Recorded data
········

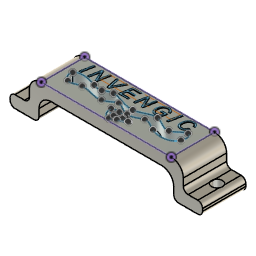
Handle (Autodesk Fusion 360 design; units mm, degrees)
part number: 2025-07-22-14-27-28-106
Autodesk Fusion 360 part; units mm, degrees
note: some values were not read from the file. Chosen so that the rebuilt part matches the saved one: which bodies a step acts on. Set by a fixed rule: which sketch regions a step uses.
sketch "Sketch1" plane through (0, 0, 0) normal (0, 1, 0) x (1, 0, 0)
  line L0 (-40, -2) -> (-40, -3)
  line L1 (-38, -5) -> (-34, -5)
  line L2 (-32, -7) -> (-32, -10)
  line L3 (-27, -15) -> (0.0378, -15)
  line L4 (0, -1.75) -> (0, -22.5)
  line L5 (0, 0) -> (38, 0)
  line L6 (40, -2) -> (40, -3)
  line L7 (38, -5) -> (34, -5)
  line L8 (32, -7) -> (32, -10)
  line L9 (27, -15) -> (-0.0378, -15)
  line L10 (-38, 0) -> (-30, 0)
  line L11 (-28, -2) -> (-28, -5)
  line L12 (-23, -10) -> (0, -10)
  line L13 (40, 0) -> (30, 0)
  line L14 (28, -2) -> (28, -5)
  line L15 (23, -10) -> (0, -10)
  arc A0 (-32, -10) -> (-27, -15) centre (-27, -10) ccw
  arc A1 (27, -15) -> (32, -10) centre (27, -10) ccw
  arc A2 (-28, -5) -> (-23, -10) centre (-23, -5) ccw
  arc A3 (23, -10) -> (28, -5) centre (23, -5) ccw
  arc A4 (-38, 0) -> (-40, -2) centre (-38, -2) ccw
  arc A5 (40, -2) -> (38, 0) centre (38, -2) ccw
  arc A6 (38, -5) -> (40, -3) centre (38, -3) ccw
  arc A7 (30, 0) -> (28, -2) centre (30, -2) ccw
  arc A8 (-28, -2) -> (-30, 0) centre (-30, -2) ccw
  arc A9 (-32, -7) -> (-34, -5) centre (-34, -7) ccw
  arc A10 (34, -5) -> (32, -7) centre (34, -7) ccw
  arc A11 (-40, -3) -> (-38, -5) centre (-38, -3) ccw
  point P0 (-40, 0)
  point P1 (-40, -5)
  point P2 (-32, -5)
  point P3 (-32, -15)
  point P4 (-28, 0)
  dimension "d7" = 40
  dimension "d8" = 5
  dimension "d9" = 8
  dimension "d10" = 10
  dimension "d18" = 12
  dimension "d41" = 5
  dimension "d53" = 5
  dimension "d54" = 5
  dimension "d55" = 2
  dimension "d56" = 2
  constraint perpendicular L0 L1
  constraint perpendicular L1 L2
  constraint perpendicular L2 L3
  constraint symmetric L3.end L4 L9.end
  constraint perpendicular L0 L10
  constraint perpendicular L10 L11
  constraint coincident L4 L12.end
  constraint perpendicular L4 L12
  constraint symmetric P0 L4 L13.start
  constraint symmetric L4 L12.end L15.end
  constraint coincident P3 L2
  constraint coincident P3 L3
  constraint tangent L2 A0
  constraint tangent L3 A0
  constraint symmetric L4 L2.end L8.end
  constraint symmetric L4 L3.start L9.start
  constraint symmetric L4 A0 A1
  constraint tangent L11 A2
  constraint tangent L12 A2
  constraint tangent L14 A3
  constraint tangent L15 A3
  constraint equal A2 A3
  constraint coincident P0 L0
  constraint coincident P0 L10
  constraint tangent L0 A4
  constraint tangent L10 A4
  constraint tangent L5 A5
  constraint tangent L6 A5
  constraint equal A4 A5
  constraint tangent L6 A6
  constraint tangent L7 A6
  constraint equal A4 A6
  constraint tangent L13 A7
  constraint tangent L14 A7
  constraint equal A4 A7
  constraint coincident P4 L10
  constraint coincident P4 L11
  constraint tangent L10 A8
  constraint tangent L11 A8
  constraint equal A4 A8
  constraint coincident P2 L1
  constraint coincident P2 L2
  constraint tangent L1 A9
  constraint tangent L2 A9
  constraint equal A4 A9
  constraint tangent L7 A10
  constraint tangent L8 A10
  constraint equal A4 A10
  constraint coincident P1 L0
  constraint coincident P1 L1
  constraint tangent L0 A11
  constraint tangent L1 A11
  measures "d7" distance of L5.start P0
  measures "d8" distance of P0 P1
  measures "d9" distance of P1 P2
  measures "d10" distance of P2 P3
  measures "d18" distance of P0 P4
  measures "d41" distance of L3 L12
  measures "d53" radius of A0
  measures "d54" radius of A2
  measures "d55" radius of A4
  measures "d56" radius of A11
extrude "Extrude2" add sketch "Sketch1" along normal blind 18 makes body 1
sketch "Sketch3" plane through (0, 0, 15) normal (0, 0, 1) x (-1, 0, 0)
  line L0 (27, 0) -> (-27, 0)
  line L1 (-27, -18) -> (27, -18)
  line L2 (15.4669, -13.2004) -> (-13.5401, -13.4911) construction
  line L3 (-13.5401, -13.4911) -> (-13.5035, -17.1453) construction
  line L4 (-13.5035, -17.1453) -> (15.5035, -16.8547) construction
  line L5 (15.5035, -16.8547) -> (15.4669, -13.2004) construction
  spline S0 degree 5 poles (3, -5) (3, -4.7009) (2.9694, -4.1277) (2.8315, -3.3428) (2.4733, -2.45) (1.7882, -1.6139) (0.9367, -1.0903) (0, -0.9102) (-0.9367, -1.0903) (-1.7882, -1.6139) (-2.4733, -2.45) (-2.8315, -3.3428) (-2.9694, -4.1277) (-3, -4.7009) (-3, -5) knots 0 0 0 0 0 0 0.1 0.2 0.3 0.4 0.5 0.6 0.7 0.8 0.9 1 1 1 1 1 1
  line L6 (3, -6) -> (3, -4)
  line L7 (-3, -4) -> (-3, -6)
  spline S1 degree 5 poles (3, -5) (3.0104, -4.9295) (3.0012, -4.7732) (2.8966, -4.496) (2.5814, -4.0664) (1.9381, -3.5344) (1.1107, -3.1246) (0.179, -2.9363) (-0.7694, -3.0239) (-1.6457, -3.3607) (-2.3664, -3.8604) (-2.8601, -4.409) (-3.0745, -4.894) (-2.983, -5.2313) (-2.5948, -5.4017) (-1.9522, -5.4436) (-1.1205, -5.4206) (-0.1814, -5.3963) (0.7751, -5.4088) (1.6575, -5.4391) (2.3801, -5.4296) (2.7723, -5.3367) (2.9386, -5.1964) (2.9896, -5.0705) (3, -5) knots 0 0 0 0 0 0 0.05 0.1 0.15 0.2 0.25 0.3 0.35 0.4 0.45 0.5 0.55 0.6 0.65 0.7 0.75 0.8 0.85 0.9 0.95 1 1 1 1 1 1
  spline S2 degree 5 poles (-1.9403, -1.8799) (-2.1918, -1.9781) (-2.6753, -2.1699) (-3.3422, -2.4439) (-4.1125, -2.7815) (-4.8632, -3.1539) (-5.3805, -3.4718) (-5.6414, -3.7297) (-5.6271, -3.9233) (-5.3382, -4.0528) (-4.7908, -4.1218) (-4.161, -4.1322) (-3.5872, -4.1163) (-3.1604, -4.0953) (-2.9358, -4.0822) knots 0 0 0 0 0 0 0.1 0.2 0.3 0.4 0.5 0.6 0.7 0.8 0.9 1 1 1 1 1 1
  spline S3 degree 5 poles (-2.8985, -3.8613) (-3.0894, -3.8838) (-3.4527, -3.9238) (-3.9421, -3.9686) (-4.4817, -3.9973) (-4.9558, -3.9783) (-5.2137, -3.8999) (-5.2411, -3.7584) (-5.0366, -3.5532) (-4.6152, -3.2885) (-3.996, -2.9697) (-3.3566, -2.675) (-2.8014, -2.4333) (-2.3982, -2.2631) (-2.1883, -2.1758) knots 0 0 0 0 0 0 0.1 0.2 0.3 0.4 0.5 0.6 0.7 0.8 0.9 1 1 1 1 1 1
  spline S4 degree 5 poles (24, -10) (24.1007, -9.8128) (24.2421, -9.4089) (24.2736, -8.7291) (23.9832, -7.7567) (23.2223, -6.6823) (22.246, -5.9721) (21.2086, -5.7534) (20.1688, -5.9682) (19.1065, -6.422) (17.9657, -6.874) (16.6858, -7.1078) (15.2422, -7.0221) (13.6694, -6.6775) (12.0353, -6.2257) (10.4251, -5.8606) (8.9202, -5.7585) (7.5816, -6.0278) (6.4268, -6.6425) (5.4217, -7.4223) (4.503, -8.1248) (3.5967, -8.5199) (2.636, -8.4636) (1.5834, -7.9922) (0.4311, -7.2894) (-0.8067, -6.5998) (-2.0991, -6.1579) (-3.4049, -6.1167) (-4.6777, -6.4602) (-5.8758, -7.0406) (-6.9721, -7.648) (-7.9648, -8.0702) (-8.8869, -8.1555) (-9.818, -7.877) (-10.8576, -7.3049) (-12.0966, -6.5717) (-13.5903, -5.8414) (-15.3282, -5.2756) (-17.2136, -5.0044) (-19.0984, -5.119) (-20.8113, -5.6611) (-22.1877, -6.6145) (-23.1001, -7.8947) (-23.4868, -9.3402) (-23.3838, -10.7005) (-22.8905, -11.7071) (-22.1322, -12.1498) (-21.2247, -11.9466) (-20.2344, -11.2288) (-19.1882, -10.2675) (-18.0886, -9.3812) (-16.9271, -8.8522) (-15.6985, -8.8353) (-14.4138, -9.2798) (-13.0928, -10.004) (-11.758, -10.7601) (-10.4279, -11.3051) (-9.1114, -11.4623) (-7.7994, -11.204) (-6.4688, -10.6351) (-5.0913, -9.933) (-3.6404, -9.3021) (-2.1001, -8.9215) (-0.4719, -8.8968) (1.2169, -9.2071) (2.9203, -9.7414) (4.5826, -10.3394) (6.1459, -10.8299) (7.5585, -11.072) (8.7831, -10.9905) (9.8052, -10.6266) (10.6384, -10.1184) (11.3305, -9.6367) (11.9652, -9.338) (12.6728, -9.3012) (13.5974, -9.5264) (14.8466, -9.9542) (16.448, -10.4791) (18.3004, -10.9643) (20.2165, -11.2665) (21.9696, -11.2613) (23.065, -10.9472) (23.6377, -10.5323) (23.8993, -10.1872) (24, -10) knots 0 0 0 0 0 0 0.0125 0.025 0.0375 0.05 0.0625 0.075 0.0875 0.1 0.1125 0.125 0.1375 0.15 0.1625 0.175 0.1875 0.2 0.2125 0.225 0.2375 0.25 0.2625 0.275 0.2875 0.3 0.3125 0.325 0.3375 0.35 0.3625 0.375 0.3875 0.4 0.4125 0.425 0.4375 0.45 0.4625 0.475 0.4875 0.5 0.5125 0.525 0.5375 0.55 0.5625 0.575 0.5875 0.6 0.6125 0.625 0.6375 0.65 0.6625 0.675 0.6875 0.7 0.7125 0.725 0.7375 0.75 0.7625 0.775 0.7875 0.8 0.8125 0.825 0.8375 0.85 0.8625 0.875 0.8875 0.9 0.9125 0.925 0.9375 0.95 0.9625 0.975 0.9875 1 1 1 1 1 1
  line L8 (-27, 0) -> (-27, -18)
  line L9 (27, -18) -> (27, 0)
  point P0 (0, -1)
  point P1 (0, -3)
  point P2 (-0.0022, -5.4045)
  point P3 (-5.6, -3.8)
  point P4 (-5.2, -3.8)
  point P5 (22, -6)
  point P6 (17, -7)
  point P7 (8, -6)
  point P8 (3.3028, -8.4387)
  point P9 (-2.386, -6.2141)
  point P10 (-8, -8)
  point P11 (-13.3822, -5.9916)
  point P12 (-23, -8)
  point P13 (-22, -12)
  point P14 (-17, -9)
  point P15 (-10.0134, -11.299)
  point P16 (-2, -9)
  point P17 (8, -11)
  point P18 (11.5023, -9.5829)
  point P19 (15, -10)
  dimension "d45" = 5
  text T0 "INVENGIC" font "Arial" height 5 italic align centre top in box 29.0085 x 3.6544 at (15.4669, -13.2004) x (-0.99995, -0.01002) y (0.01002, -0.99995) spacing 1.5
  constraint midpoint S0.start L6
  constraint midpoint S0.end L7
  constraint coincident S0 S2.start
  constraint coincident S0 S2.end
  constraint coincident S0 S3.start
  constraint coincident S0 S3.end
sketch "Sketch4" plane through (0, 0, 5) normal (0, 0, 1) x (-1, 0, 0)
  circle A0 centre (36, -10) radius 2.25
  line L0 (0, -1.75) -> (0, -22.5)
  circle A1 centre (-36, -10) radius 2.25
  line L1 (38, 0) -> (34, 0)
  line L2 (34, -18) -> (38, -18)
  line L3 (34, 0) -> (34, -18)
  line L4 (38, -18) -> (38, 0)
  dimension "d28" = 4.5
  constraint symmetric A0 L0 A1
  measures "d28" diameter of A0
extrude "Extrude4" cut sketch "Sketch4" against normal blind 9 contours A0 L4 | A0 L3 L4 | A0 L3 | A1 bodies 1
extrude "Extrude6" cut sketch "Sketch3" against normal through all text T0 bodies 1
extrude "Extrude7" cut sketch "Sketch3" against normal blind 7 contours S0 S1 | S0 S2 S3 | S0 L6 L7 S1 bodies 1 makes body 2 at (-15.1678, 5.0678, 15)
extrude "Extrude8" cut sketch "Sketch3" against normal through all contours S4 bodies 2

········

[WORK INSTRUCTIONS]
Using the entries above, give back exactly the line containing "radius of A4", the line containing "line L7 (-3, -4) -> (-3, -6)", and every line between them, and nothing else.

[ANSWER SECTION]
  measures "d55" radius of A4
  measures "d56" radius of A11
extrude "Extrude2" add sketch "Sketch1" along normal blind 18 makes body 1
sketch "Sketch3" plane through (0, 0, 15) normal (0, 0, 1) x (-1, 0, 0)
  line L0 (27, 0) -> (-27, 0)
  line L1 (-27, -18) -> (27, -18)
  line L2 (15.4669, -13.2004) -> (-13.5401, -13.4911) construction
  line L3 (-13.5401, -13.4911) -> (-13.5035, -17.1453) construction
  line L4 (-13.5035, -17.1453) -> (15.5035, -16.8547) construction
  line L5 (15.5035, -16.8547) -> (15.4669, -13.2004) construction
  spline S0 degree 5 poles (3, -5) (3, -4.7009) (2.9694, -4.1277) (2.8315, -3.3428) (2.4733, -2.45) (1.7882, -1.6139) (0.9367, -1.0903) (0, -0.9102) (-0.9367, -1.0903) (-1.7882, -1.6139) (-2.4733, -2.45) (-2.8315, -3.3428) (-2.9694, -4.1277) (-3, -4.7009) (-3, -5) knots 0 0 0 0 0 0 0.1 0.2 0.3 0.4 0.5 0.6 0.7 0.8 0.9 1 1 1 1 1 1
  line L6 (3, -6) -> (3, -4)
  line L7 (-3, -4) -> (-3, -6)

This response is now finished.